De acuerdo con el Gobierno argentino, la disposición no restringirá las críticas de índole política, ideológica o académica, al considerar que estas están protegidas por el derecho a la libertad de expresión. El Poder Ejecutivo fundamentó la alteración argumentando la existencia de “manifestaciones recientes de animosidad contra la República Argentina y sus ciudadanos”, aunque el comunicado oficial no especifica situaciones concretas que hayan impulsado la determinación.

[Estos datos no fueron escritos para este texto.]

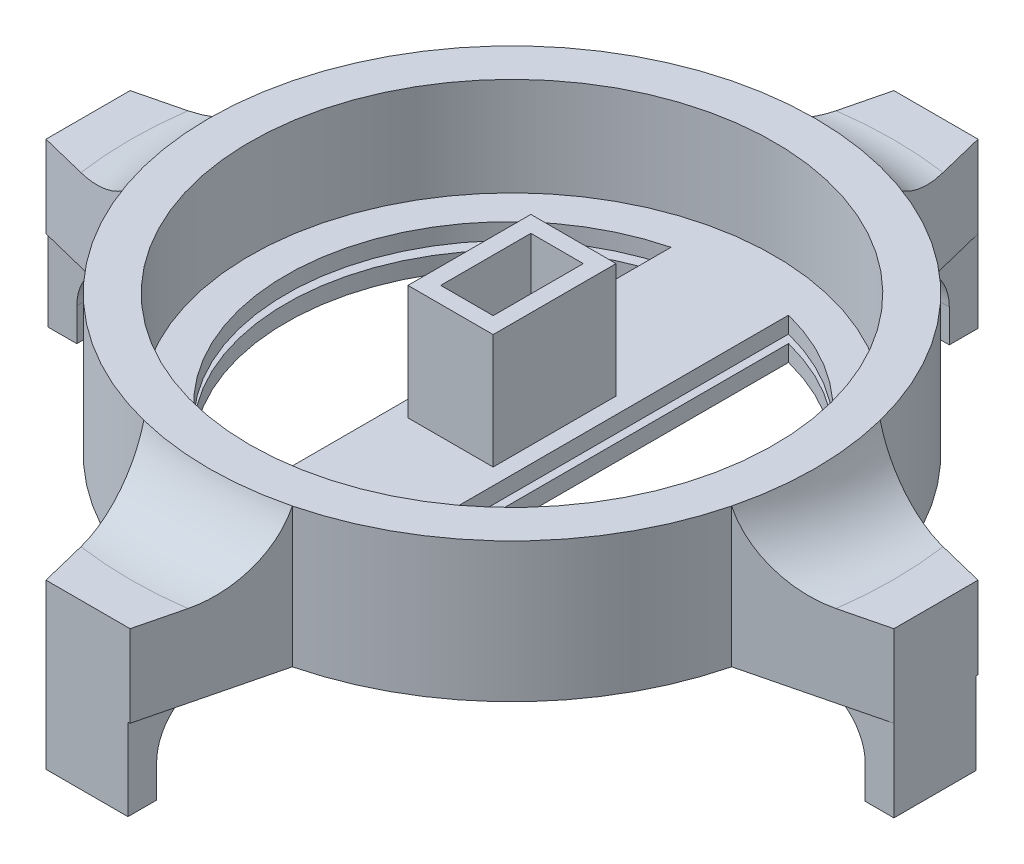
SolidWorks part; units mm, degrees
ref_plane "Front Plane" through (0, 0, 0) normal (0, 0, 1) x (1, 0, 0)
ref_plane "Top Plane" through (0, 0, 0) normal (0, 1, 0) x (1, 0, 0)
ref_plane "Right Plane" through (0, 0, 0) normal (1, 0, 0) x (0, 0, -1)
sketch "Sketch4" plane through (0, 0, 0) normal (0, 1, 0) x (1, 0, 0)
  line L0 (0, -46.7905) -> (24.3942, -46.7905) construction
  line L1 (0, -46.7905) -> (0, -24.9936) construction
  circle A0 centre (0, -46.7905) radius 17
  dimension "D1" = 34
extrude "Boss-Extrude3" add sketch "Sketch4" along normal blind 6 separate body
shell "Shell4" thickness 0.5 removed face at (0, 6, 63.7905) outward yes
ref_plane "Plane2" through (0, 0, 0) normal (0, 1, 0) x (1, 0, 0)
sketch "Sketch5" plane through (0, 0, 0) normal (0, 1, 0) x (1, 0, 0)
  line L0 (17, -46.7905) -> (-25.0436, -46.7905) construction
  line L1 (1.6, -44.0405) -> (-1.6, -44.0405)
  line L2 (1.6, -44.0405) -> (1.6, -49.5405)
  line L3 (1.6, -49.5405) -> (-1.6, -49.5405)
  line L4 (-1.6, -44.0405) -> (-1.6, -49.5405)
  line L5 (0, -29.7905) -> (0, -85.3723) construction
  circle A0 centre (0, -46.7905) radius 17 construction
  circle A1 centre (0, -46.7905) radius 17 construction
  dimension "D1" = 5.5
  dimension "D2" = 3.2
  dimension "D3" = 2.75
  dimension "D4" = 1.6
extrude "Boss-Extrude4" add sketch "Sketch5" along normal blind 8
shell "Shell5" thickness 1 removed face at (0, 8, 46.7905) outward yes
sketch "Sketch6" plane through (0, 0, 0) normal (0, 1, 0) x (1, 0, 0)
  line L1 (-2.5652, -72.6598) -> (2.5652, -72.6598)
  line L2 (2.5652, -72.6598) -> (4.5312, -64.727)
  line L3 (-2.5652, -72.6598) -> (-4.5312, -64.727)
  line L4 (-25.8693, -44.2252) -> (-17.9365, -42.2592)
  line L5 (-25.8693, -49.3557) -> (-17.9365, -51.3217)
  line L6 (-25.8693, -44.2252) -> (-25.8693, -49.3557)
  line L7 (2.5652, -20.9211) -> (4.5312, -28.854)
  line L8 (-2.5652, -20.9211) -> (-4.5312, -28.854)
  line L9 (2.5652, -20.9211) -> (-2.5652, -20.9211)
  line L10 (25.8693, -49.3557) -> (17.9365, -51.3217)
  line L11 (25.8693, -44.2252) -> (17.9365, -42.2592)
  line L12 (25.8693, -49.3557) -> (25.8693, -44.2252)
  circle A0 centre (0, -46.7905) radius 18.5 construction
  arc A1 (4.5312, -64.727) -> (-4.5312, -64.727) centre (0, -46.7905) cw
  arc A2 (-17.9365, -51.3217) -> (-17.9365, -42.2592) centre (0, -46.7905) cw
  arc A3 (-4.5312, -28.854) -> (4.5312, -28.854) centre (0, -46.7905) cw
  arc A4 (17.9365, -42.2592) -> (17.9365, -51.3217) centre (0, -46.7905) cw
  point P22 (0, -46.7905)
  dimension "D1" = 4
extrude "Boss-Extrude6" add sketch "Sketch6" against normal up to surface (1.5 mm away) and the other way blind 3.5 up to face at (0, -1.5, 65.2905)
sketch "Sketch7" plane through (0, -1.5, 0) normal (0, -1, 0) x (-1, 0, 0)
  line L0 (0, -20.9211) -> (0, -83.0743) construction
  line L1 (2.5652, -72.6598) -> (-2.4348, -72.6598)
  line L2 (2.5652, -72.6598) -> (2.5652, -70.9098)
  line L3 (2.5652, -70.9098) -> (-2.4348, -70.9098)
  line L4 (-2.4348, -72.6598) -> (-2.4348, -70.9098)
  line L5 (2.5652, -20.9211) -> (-2.5652, -20.9211) construction
  line L6 (25.8693, -46.7905) -> (-32.5376, -46.7905) construction
  line L7 (25.8693, -49.3557) -> (25.8693, -44.2252) construction
  line L8 (-25.8693, -49.3557) -> (-24.1193, -49.3557)
  line L9 (-25.8693, -49.3557) -> (-25.8693, -44.3557)
  line L10 (-25.8693, -44.3557) -> (-24.1193, -44.3557)
  line L11 (-24.1193, -49.3557) -> (-24.1193, -44.3557)
  line L12 (-2.5652, -20.9211) -> (-2.5652, -22.6711)
  line L13 (-2.5652, -20.9211) -> (2.4348, -20.9211)
  line L14 (2.4348, -20.9211) -> (2.4348, -22.6711)
  line L15 (-2.5652, -22.6711) -> (2.4348, -22.6711)
  line L16 (25.8693, -44.2252) -> (24.1193, -44.2252)
  line L17 (25.8693, -44.2252) -> (25.8693, -49.2252)
  line L18 (25.8693, -49.2252) -> (24.1193, -49.2252)
  line L19 (24.1193, -44.2252) -> (24.1193, -49.2252)
  point P14 (0, -46.7905)
  point P30 (0, -46.7905)
  dimension "D1" = 5
  dimension "D2" = 1.75
  dimension "D3" = 4
extrude "Boss-Extrude7" add sketch "Sketch7" along normal blind 5
fillet "Fillet1" radius 3 4 edges at (-0.0652, -1.5, 70.9098) (-24.1193, -1.5, 46.7252) (0.0652, -1.5, 22.6711) (24.1193, -1.5, 46.8557)
fillet "Fillet3" radius 5 4 edges at (0, 3.5, 65.2905) (-18.5, 3.5, 46.7905) (18.5, 3.5, 46.7905) (0, 3.5, 28.2905)
sketch "Sketch11" plane through (0, 1, 0) normal (0, 1, 0) x (1, 0, 0)
  line L0 (-3.5859, -59.9216) -> (-3.5859, -33.5012)
  line L1 (0, -44.0405) -> (0, -17.5543) construction
  line L2 (1.6, -44.0405) -> (-1.6, -44.0405) construction
  line L3 (3.5859, -59.9216) -> (3.5859, -33.5012)
  arc A0 (-3.5859, -59.9216) -> (-3.5859, -33.5012) centre (-0.2324, -46.7114) cw
  arc A1 (3.5859, -59.9216) -> (3.5859, -33.5012) centre (0.2324, -46.7114) ccw
extrude "Cut-Extrude1" cut sketch "Sketch11" against normal blind 5
sketch "Sketch13" plane through (0, -0.5, 0) normal (0, 1, 0) x (1, 0, 0)
  line L1 (-1.566, -49.504) -> (1.6, -49.504)
  line L2 (-1.566, -49.504) -> (-1.566, -44.0405)
  line L3 (-1.566, -44.0405) -> (1.6, -44.0405)
  line L4 (1.6, -49.504) -> (1.6, -44.0405)
  point P4 (1.238, -46.3907)
extrude "Cut-Extrude2" cut sketch "Sketch13" against normal blind 5
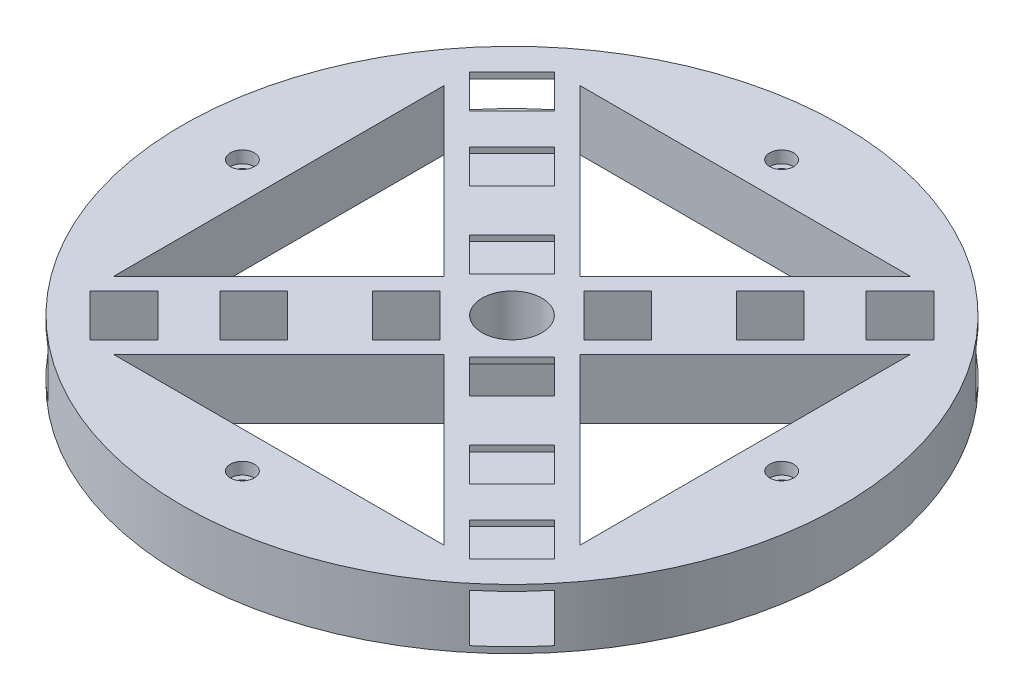
SolidWorks part; units mm, degrees
ref_plane "前视基准面" through (0, 0, 0) normal (0, 0, 1) x (1, 0, 0)
ref_plane "上视基准面" through (0, 0, 0) normal (0, 1, 0) x (1, 0, 0)
ref_plane "右视基准面" through (0, 0, 0) normal (1, 0, 0) x (0, 0, -1)
sketch "草图2" plane through (0, 0, 0) normal (0, 1, 0) x (1, 0, 0)
  line L2 (-13.7886, 19.4454) -> (13.7886, 19.4454)
  line L3 (-19.4454, 13.7886) -> (-19.4454, -13.7886)
  line L4 (-13.7886, -19.4454) -> (13.7886, -19.4454)
  line L5 (19.4454, 13.7886) -> (19.4454, -13.7886)
  line L6 (-19.4454, 19.4454) -> (-2.8284, 2.8284) construction
  line L7 (-19.4454, -19.4454) -> (-2.8284, -2.8284) construction
  line L8 (5.6569, 0) -> (19.4454, -13.7886)
  line L10 (13.7886, -19.4454) -> (0, -5.6569)
  line L12 (0, -5.6569) -> (-13.7886, -19.4454)
  line L14 (-19.4454, -13.7886) -> (-5.6569, 0)
  line L16 (-5.6569, 0) -> (-19.4454, 13.7886)
  line L18 (-13.7886, 19.4454) -> (0, 5.6569)
  line L20 (0, 5.6569) -> (13.7886, 19.4454)
  line L22 (19.4454, 13.7886) -> (5.6569, 0)
  line L30 (2.8284, 2.8284) -> (19.4454, 19.4454) construction
  circle A0 centre (0, 0) radius 27.5
  circle A2 centre (0, 22.5) radius 0.525
  circle A3 centre (22.5, 0) radius 0.525
  circle A4 centre (0, -22.5) radius 0.525
  circle A5 centre (-22.5, 0) radius 0.525
  point P15 (0, 0)
  point P20 (0, 0)
  point P37 (0, 0)
  dimension "D1" = 55
  dimension "D2" = 4
  dimension "D4" = 1.05
  dimension "D3" = 4
extrude "凸台-拉伸1" add sketch "草图2" along normal blind 5
ref_plane "基准面4" through (2.8284, 0, -2.8284) normal (-0.7071, 0, 0.7071) x (0.7071, 0, 0.7071)
sketch "草图5" plane through (2.8284, 0, -2.8284) normal (-0.7071, 0, 0.7071) x (0.7071, 0, 0.7071)
  line L0 (0, 0) -> (0, 5)
  line L1 (27.5, 5) -> (-27.5, 5) construction
  line L3 (-2.5, 4.5) -> (2.5, 4.5)
  line L4 (-2.5, 4.5) -> (-2.5, 0.5)
  line L5 (-2.5, 0.5) -> (2.5, 0.5)
  line L6 (2.5, 4.5) -> (2.5, 0.5)
  line L7 (-2.5, 4.5) -> (2.5, 0.5) construction
  line L8 (-2.5, 0.5) -> (2.5, 4.5) construction
  point P5 (0, 2.5)
extrude "切除-拉伸1" cut sketch "草图5" against normal through all contours L6 L5 L4 L3
ref_axis "基准轴1" through (0, 5, 0) along (0, -1, 0)
pattern_circular "阵列(圆周)1" count 4 over 360 about axis through (0, 5, 0) along (0, -1, 0) of "切除-拉伸1"
sketch "草图6" plane through (0, 5, 0) normal (0, 1, 0) x (1, 0, 0)
  line L10 (-1.2267, 4.7622) -> (-4.0551, 7.5906)
  line L13 (-4.7622, 1.2267) -> (-7.5906, 4.0551)
  line L14 (-4.7622, 1.2267) -> (-7.5906, 4.0551)
  line L15 (-7.5906, 4.0551) -> (-4.0551, 7.5906)
  line L16 (-4.0551, 7.5906) -> (-1.2267, 4.7622)
  line L17 (-1.2267, 4.7622) -> (-4.7622, 1.2267)
  line L18 (-16.5365, 13.001) -> (-19.3649, 15.8294)
  line L19 (-11.1262, 7.5906) -> (-7.5906, 11.1262)
  line L20 (-19.3649, 19.3649) -> (-19.4454, 19.4454)
  line L21 (-13.001, 16.5365) -> (-15.8294, 19.3649)
  line L22 (-11.1262, 7.5906) -> (-13.9546, 10.4191)
  line L24 (-16.5365, 13.001) -> (-19.3649, 15.8294)
  line L25 (-19.3649, 15.8294) -> (-15.8294, 19.3649)
  line L26 (-15.8294, 19.3649) -> (-13.001, 16.5365)
  line L27 (-13.001, 16.5365) -> (-16.5365, 13.001)
  line L28 (-13.9546, 10.4191) -> (-10.4191, 13.9546)
  line L30 (-10.4191, 13.9546) -> (-7.5906, 11.1262)
  line L31 (-11.1262, 7.5906) -> (-13.9546, 10.4191)
  line L32 (-7.5906, 11.1262) -> (-10.4191, 13.9546)
  circle A0 centre (0, 0) radius 27.5 construction
extrude "切除-拉伸2" cut sketch "草图6" against normal blind 2 contours L17 L10 L15 L13 | L30 L28 L22 L19 | L27 L21 L25 L18 region at (-4.4087, 5, -4.4087) region at (-16.1829, 5, -16.1829) region at (-10.7726, 5, -10.7726)
pattern_circular "阵列(圆周)2" count 4 every 90 about axis through (0, 5, 0) along (0, -1, 0) of "切除-拉伸2"
sketch "草图7" plane through (0, 5, 0) normal (0, 1, 0) x (1, 0, 0)
  circle A0 centre (0, 0) radius 2.5
extrude "切除-拉伸3" cut sketch "草图7" against normal through all
sketch "草图8" plane through (0, 5, 0) normal (0, 1, 0) x (1, 0, 0)
  circle A0 centre (-22.5, 0) radius 1
  dimension "D1" = 2
extrude "切除-拉伸4" cut sketch "草图8" against normal blind 1
pattern_circular "阵列(圆周)3" count 4 over 360 about axis through (0, 5, 0) along (0, -1, 0) of "切除-拉伸4"

La modificación surge en un ambiente de escalada de conflictos diplomáticos, particularmente con Brasil, caracterizado por los constantes altercados verbales entre el presidente argentino, Javier Milei, y su homólogo brasileño, Luiz Inácio Lula da Silva. Además, se produce luego de las críticas que, según el Gobierno, ha recibido Argentina en diversos foros internacionales tras la Copa Mundial de fútbol más reciente. Desde la conclusión del certamen, Milei ha afirmado que existe una conspiración global contra Argentina, acusación que imputa a Brasil, México y al Partido Demócrata de Estados Unidos, aunque hasta la fecha no ha presentado evidencia que sustente tales aseveraciones.